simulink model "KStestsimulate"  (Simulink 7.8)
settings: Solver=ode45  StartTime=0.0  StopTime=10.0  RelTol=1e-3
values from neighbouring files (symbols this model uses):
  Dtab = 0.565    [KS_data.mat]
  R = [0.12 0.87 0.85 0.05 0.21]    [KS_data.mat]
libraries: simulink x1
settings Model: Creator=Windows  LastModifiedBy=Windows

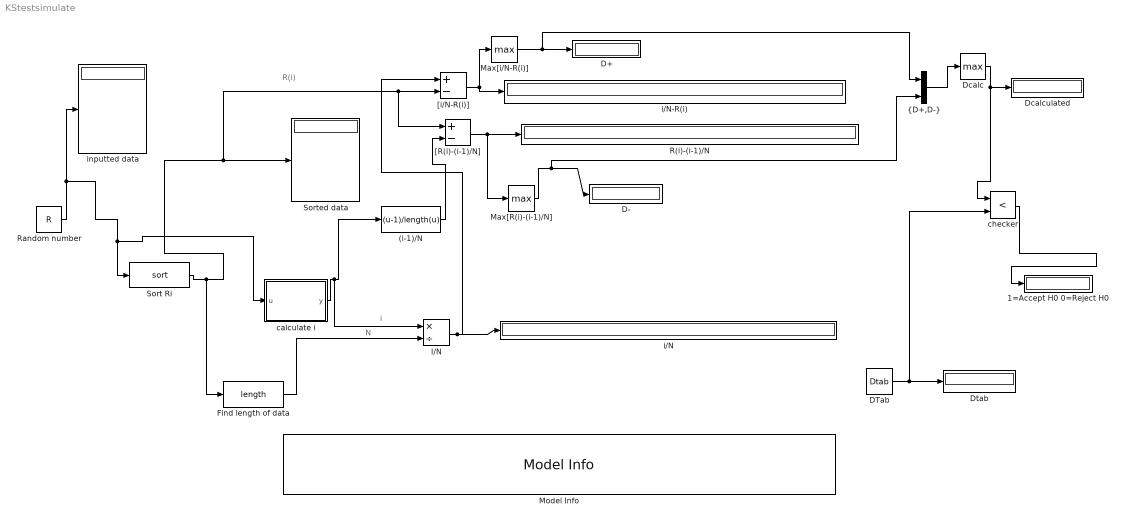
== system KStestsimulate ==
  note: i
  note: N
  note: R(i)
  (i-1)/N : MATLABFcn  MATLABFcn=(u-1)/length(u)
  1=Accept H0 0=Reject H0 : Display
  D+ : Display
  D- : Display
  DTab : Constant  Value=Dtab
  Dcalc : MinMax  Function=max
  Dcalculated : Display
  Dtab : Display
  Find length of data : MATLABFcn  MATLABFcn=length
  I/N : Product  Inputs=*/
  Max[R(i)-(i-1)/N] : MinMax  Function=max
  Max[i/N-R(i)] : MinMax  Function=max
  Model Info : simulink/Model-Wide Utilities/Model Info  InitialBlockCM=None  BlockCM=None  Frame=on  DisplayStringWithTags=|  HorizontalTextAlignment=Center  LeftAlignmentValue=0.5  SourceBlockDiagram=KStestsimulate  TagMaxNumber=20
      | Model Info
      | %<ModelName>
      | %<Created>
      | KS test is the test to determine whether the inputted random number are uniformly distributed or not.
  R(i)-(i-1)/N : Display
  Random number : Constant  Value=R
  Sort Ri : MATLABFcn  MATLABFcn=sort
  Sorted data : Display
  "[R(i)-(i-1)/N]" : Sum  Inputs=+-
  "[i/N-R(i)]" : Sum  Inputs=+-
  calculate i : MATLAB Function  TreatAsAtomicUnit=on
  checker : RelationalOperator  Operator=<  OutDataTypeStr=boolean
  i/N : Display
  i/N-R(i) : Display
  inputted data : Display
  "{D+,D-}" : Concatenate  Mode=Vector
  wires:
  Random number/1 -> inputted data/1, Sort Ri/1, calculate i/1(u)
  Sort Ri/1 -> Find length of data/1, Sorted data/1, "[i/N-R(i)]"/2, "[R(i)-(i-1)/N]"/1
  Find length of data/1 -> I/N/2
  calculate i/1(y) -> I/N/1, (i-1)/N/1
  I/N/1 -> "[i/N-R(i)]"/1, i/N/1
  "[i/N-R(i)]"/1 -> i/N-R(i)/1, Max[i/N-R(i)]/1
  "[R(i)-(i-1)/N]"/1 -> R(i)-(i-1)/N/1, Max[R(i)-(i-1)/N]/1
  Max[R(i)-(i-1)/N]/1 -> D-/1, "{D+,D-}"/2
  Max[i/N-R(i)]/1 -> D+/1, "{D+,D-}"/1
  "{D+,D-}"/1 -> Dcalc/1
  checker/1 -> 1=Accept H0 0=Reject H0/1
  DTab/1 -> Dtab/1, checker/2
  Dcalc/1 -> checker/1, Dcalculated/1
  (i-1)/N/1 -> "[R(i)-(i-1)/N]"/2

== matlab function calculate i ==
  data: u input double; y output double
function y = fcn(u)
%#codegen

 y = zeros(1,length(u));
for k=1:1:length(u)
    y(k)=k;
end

=-=-=

**Required work:** Please, without any pictures, retype the records exactly as they appear.

**Output below:**
simulink model "KStestsimulate"  (Simulink 7.8)
settings: Solver=ode45  StartTime=0.0  StopTime=10.0  RelTol=1e-3
values from neighbouring files (symbols this model uses):
  Dtab = 0.565    [KS_data.mat]
  R = [0.12 0.87 0.85 0.05 0.21]    [KS_data.mat]
libraries: simulink x1
settings Model: Creator=Windows  LastModifiedBy=Windows

== system KStestsimulate ==
  note: i
  note: N
  note: R(i)
  (i-1)/N : MATLABFcn  MATLABFcn=(u-1)/length(u)
  1=Accept H0 0=Reject H0 : Display
  D+ : Display
  D- : Display
  DTab : Constant  Value=Dtab
  Dcalc : MinMax  Function=max
  Dcalculated : Display
  Dtab : Display
  Find length of data : MATLABFcn  MATLABFcn=length
  I/N : Product  Inputs=*/
  Max[R(i)-(i-1)/N] : MinMax  Function=max
  Max[i/N-R(i)] : MinMax  Function=max
  Model Info : simulink/Model-Wide Utilities/Model Info  InitialBlockCM=None  BlockCM=None  Frame=on  DisplayStringWithTags=|  HorizontalTextAlignment=Center  LeftAlignmentValue=0.5  SourceBlockDiagram=KStestsimulate  TagMaxNumber=20
      | Model Info
      | %<ModelName>
      | %<Created>
      | KS test is the test to determine whether the inputted random number are uniformly distributed or not.
  R(i)-(i-1)/N : Display
  Random number : Constant  Value=R
  Sort Ri : MATLABFcn  MATLABFcn=sort
  Sorted data : Display
  "[R(i)-(i-1)/N]" : Sum  Inputs=+-
  "[i/N-R(i)]" : Sum  Inputs=+-
  calculate i : MATLAB Function  TreatAsAtomicUnit=on
  checker : RelationalOperator  Operator=<  OutDataTypeStr=boolean
  i/N : Display
  i/N-R(i) : Display
  inputted data : Display
  "{D+,D-}" : Concatenate  Mode=Vector
  wires:
  Random number/1 -> inputted data/1, Sort Ri/1, calculate i/1(u)
  Sort Ri/1 -> Find length of data/1, Sorted data/1, "[i/N-R(i)]"/2, "[R(i)-(i-1)/N]"/1
  Find length of data/1 -> I/N/2
  calculate i/1(y) -> I/N/1, (i-1)/N/1
  I/N/1 -> "[i/N-R(i)]"/1, i/N/1
  "[i/N-R(i)]"/1 -> i/N-R(i)/1, Max[i/N-R(i)]/1
  "[R(i)-(i-1)/N]"/1 -> R(i)-(i-1)/N/1, Max[R(i)-(i-1)/N]/1
  Max[R(i)-(i-1)/N]/1 -> D-/1, "{D+,D-}"/2
  Max[i/N-R(i)]/1 -> D+/1, "{D+,D-}"/1
  "{D+,D-}"/1 -> Dcalc/1
  checker/1 -> 1=Accept H0 0=Reject H0/1
  DTab/1 -> Dtab/1, checker/2
  Dcalc/1 -> checker/1, Dcalculated/1
  (i-1)/N/1 -> "[R(i)-(i-1)/N]"/2

== matlab function calculate i ==
  data: u input double; y output double
function y = fcn(u)
%#codegen

 y = zeros(1,length(u));
for k=1:1:length(u)
    y(k)=k;
end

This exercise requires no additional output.